## Task statement
Starting with the line that contains "#34016 = CARTESIAN_POINT" and stopping after the line that contains "#35199 = DIRECTION", return each line below exactly as written, with no others.

··· Data to examine

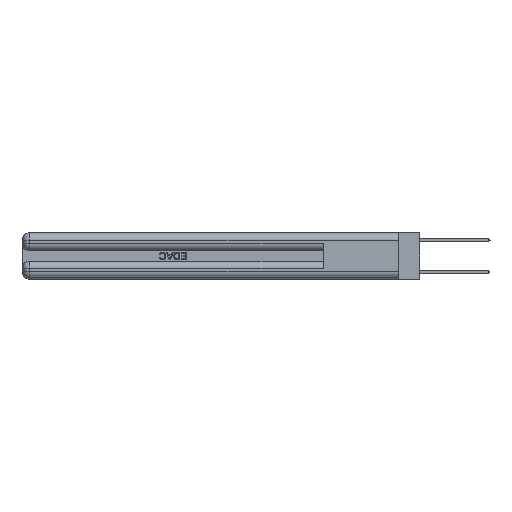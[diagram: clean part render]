
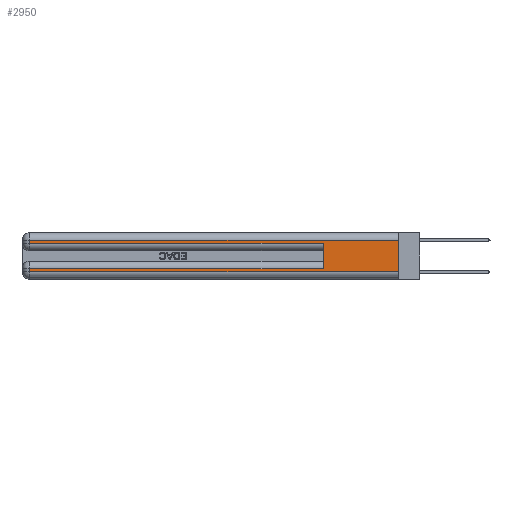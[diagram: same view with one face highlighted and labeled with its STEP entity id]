
A CAD part, left-side view. The second image highlights one B-rep face of the part: STEP entity #2950.
In plain terms, the highlighted planar face has unit normal (-1, 0, 0).
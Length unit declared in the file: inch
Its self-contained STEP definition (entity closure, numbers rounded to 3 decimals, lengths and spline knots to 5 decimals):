
#2247 = EDGE_LOOP ( 'NONE', ( #17912, #3999, #14903, #23945, #11882, #6232, #31732, #10615 ) ) ;
#2397 = VERTEX_POINT ( 'NONE', #5312 ) ;
#2950 = ADVANCED_FACE ( 'NONE', ( #5303 ), #26924, .F. ) ;
#3547 = CARTESIAN_POINT ( 'NONE',  ( 0., 2.94, 0.31 ) ) ;
#3999 = ORIENTED_EDGE ( 'NONE', *, *, #30734, .T. ) ;
#4717 = CARTESIAN_POINT ( 'NONE',  ( 0., 0., 0.37 ) ) ;
#5303 = FACE_OUTER_BOUND ( 'NONE', #2247, .T. ) ;
#5312 = CARTESIAN_POINT ( 'NONE',  ( 0., 2.94, 0.06 ) ) ;
#6208 = CARTESIAN_POINT ( 'NONE',  ( 0., 0., 0.06 ) ) ;
#6232 = ORIENTED_EDGE ( 'NONE', *, *, #14118, .T. ) ;
#6354 = VECTOR ( 'NONE', #31245, 39.37008 ) ;
#7628 = CARTESIAN_POINT ( 'NONE',  ( 0., 0., 0.37 ) ) ;
#8732 = AXIS2_PLACEMENT_3D ( 'NONE', #7628, #10418, #29688 ) ;
#8978 = LINE ( 'NONE', #34016, #6354 ) ;
#9171 = DIRECTION ( 'NONE',  ( 0., 0., -1. ) ) ;
#9294 = CARTESIAN_POINT ( 'NONE',  ( 0., 0.6, 0.085 ) ) ;
#9628 = DIRECTION ( 'NONE',  ( 0., -1., 0. ) ) ;
#10350 = DIRECTION ( 'NONE',  ( 0., 0., -1. ) ) ;
#10418 = DIRECTION ( 'NONE',  ( 1., 0., 0. ) ) ;
#10442 = EDGE_CURVE ( 'NONE', #2397, #32349, #28217, .T. ) ;
#10615 = ORIENTED_EDGE ( 'NONE', *, *, #10442, .T. ) ;
#11882 = ORIENTED_EDGE ( 'NONE', *, *, #19645, .F. ) ;
#11969 = CARTESIAN_POINT ( 'NONE',  ( 0., 2.94, 0.085 ) ) ;
#12277 = EDGE_CURVE ( 'NONE', #14090, #2397, #34529, .T. ) ;
#14090 = VERTEX_POINT ( 'NONE', #11969 ) ;
#14118 = EDGE_CURVE ( 'NONE', #27076, #14090, #8978, .T. ) ;
#14903 = ORIENTED_EDGE ( 'NONE', *, *, #27069, .T. ) ;
#16916 = CARTESIAN_POINT ( 'NONE',  ( 0., 2.94, 0.285 ) ) ;
#17030 = VERTEX_POINT ( 'NONE', #16916 ) ;
#17496 = CARTESIAN_POINT ( 'NONE',  ( 0., 2.94, 0.37 ) ) ;
#17912 = ORIENTED_EDGE ( 'NONE', *, *, #32593, .F. ) ;
#18149 = VECTOR ( 'NONE', #10350, 39.37008 ) ;
#19156 = VECTOR ( 'NONE', #35199, 39.37008 ) ;
#19645 = EDGE_CURVE ( 'NONE', #27076, #27494, #25090, .T. ) ;
#19852 = VECTOR ( 'NONE', #22952, 39.37008 ) ;
#21170 = CARTESIAN_POINT ( 'NONE',  ( 0., 0.6, 0.145 ) ) ;
#21659 = LINE ( 'NONE', #17496, #35500 ) ;
#21673 = CARTESIAN_POINT ( 'NONE',  ( 0., 0., 0.31 ) ) ;
#22952 = DIRECTION ( 'NONE',  ( 0., 0., -1. ) ) ;
#23171 = CARTESIAN_POINT ( 'NONE',  ( 0., 0., 0.31 ) ) ;
#23350 = EDGE_CURVE ( 'NONE', #17030, #27494, #29631, .T. ) ;
#23353 = CARTESIAN_POINT ( 'NONE',  ( 0., 0., 0.285 ) ) ;
#23361 = VECTOR ( 'NONE', #34260, 39.37008 ) ;
#23945 = ORIENTED_EDGE ( 'NONE', *, *, #23350, .T. ) ;
#23962 = DIRECTION ( 'NONE',  ( 0., 0., 1. ) ) ;
#24101 = CARTESIAN_POINT ( 'NONE',  ( 0., 0., 0.06 ) ) ;
#24582 = VERTEX_POINT ( 'NONE', #3547 ) ;
#25090 = LINE ( 'NONE', #21170, #31569 ) ;
#26924 = PLANE ( 'NONE',  #8732 ) ;
#27069 = EDGE_CURVE ( 'NONE', #24582, #17030, #21659, .T. ) ;
#27076 = VERTEX_POINT ( 'NONE', #9294 ) ;
#27494 = VERTEX_POINT ( 'NONE', #30347 ) ;
#27893 = VECTOR ( 'NONE', #9628, 39.37008 ) ;
#28217 = LINE ( 'NONE', #24101, #19156 ) ;
#29631 = LINE ( 'NONE', #23353, #27893 ) ;
#29688 = DIRECTION ( 'NONE',  ( 0., 0., -1. ) ) ;
#30347 = CARTESIAN_POINT ( 'NONE',  ( 0., 0.6, 0.285 ) ) ;
#30685 = LINE ( 'NONE', #23171, #23361 ) ;
#30734 = EDGE_CURVE ( 'NONE', #31043, #24582, #30685, .T. ) ;
#31043 = VERTEX_POINT ( 'NONE', #21673 ) ;
#31245 = DIRECTION ( 'NONE',  ( 0., 1., 0. ) ) ;
#31569 = VECTOR ( 'NONE', #23962, 39.37008 ) ;
#31732 = ORIENTED_EDGE ( 'NONE', *, *, #12277, .T. ) ;
#32349 = VERTEX_POINT ( 'NONE', #6208 ) ;
#32593 = EDGE_CURVE ( 'NONE', #31043, #32349, #32777, .T. ) ;
#32777 = LINE ( 'NONE', #4717, #18149 ) ;
#34016 = CARTESIAN_POINT ( 'NONE',  ( 0., 0., 0.085 ) ) ;
#34061 = CARTESIAN_POINT ( 'NONE',  ( 0., 2.94, 0.37 ) ) ;
#34260 = DIRECTION ( 'NONE',  ( 0., 1., 0. ) ) ;
#34529 = LINE ( 'NONE', #34061, #19852 ) ;
#35199 = DIRECTION ( 'NONE',  ( 0., -1., 0. ) ) ;
#35500 = VECTOR ( 'NONE', #9171, 39.37008 ) ;

······

## Response to the task
#34016 = CARTESIAN_POINT ( 'NONE',  ( 0., 0., 0.085 ) ) ;
#34061 = CARTESIAN_POINT ( 'NONE',  ( 0., 2.94, 0.37 ) ) ;
#34260 = DIRECTION ( 'NONE',  ( 0., 1., 0. ) ) ;
#34529 = LINE ( 'NONE', #34061, #19852 ) ;
#35199 = DIRECTION ( 'NONE',  ( 0., -1., 0. ) ) ;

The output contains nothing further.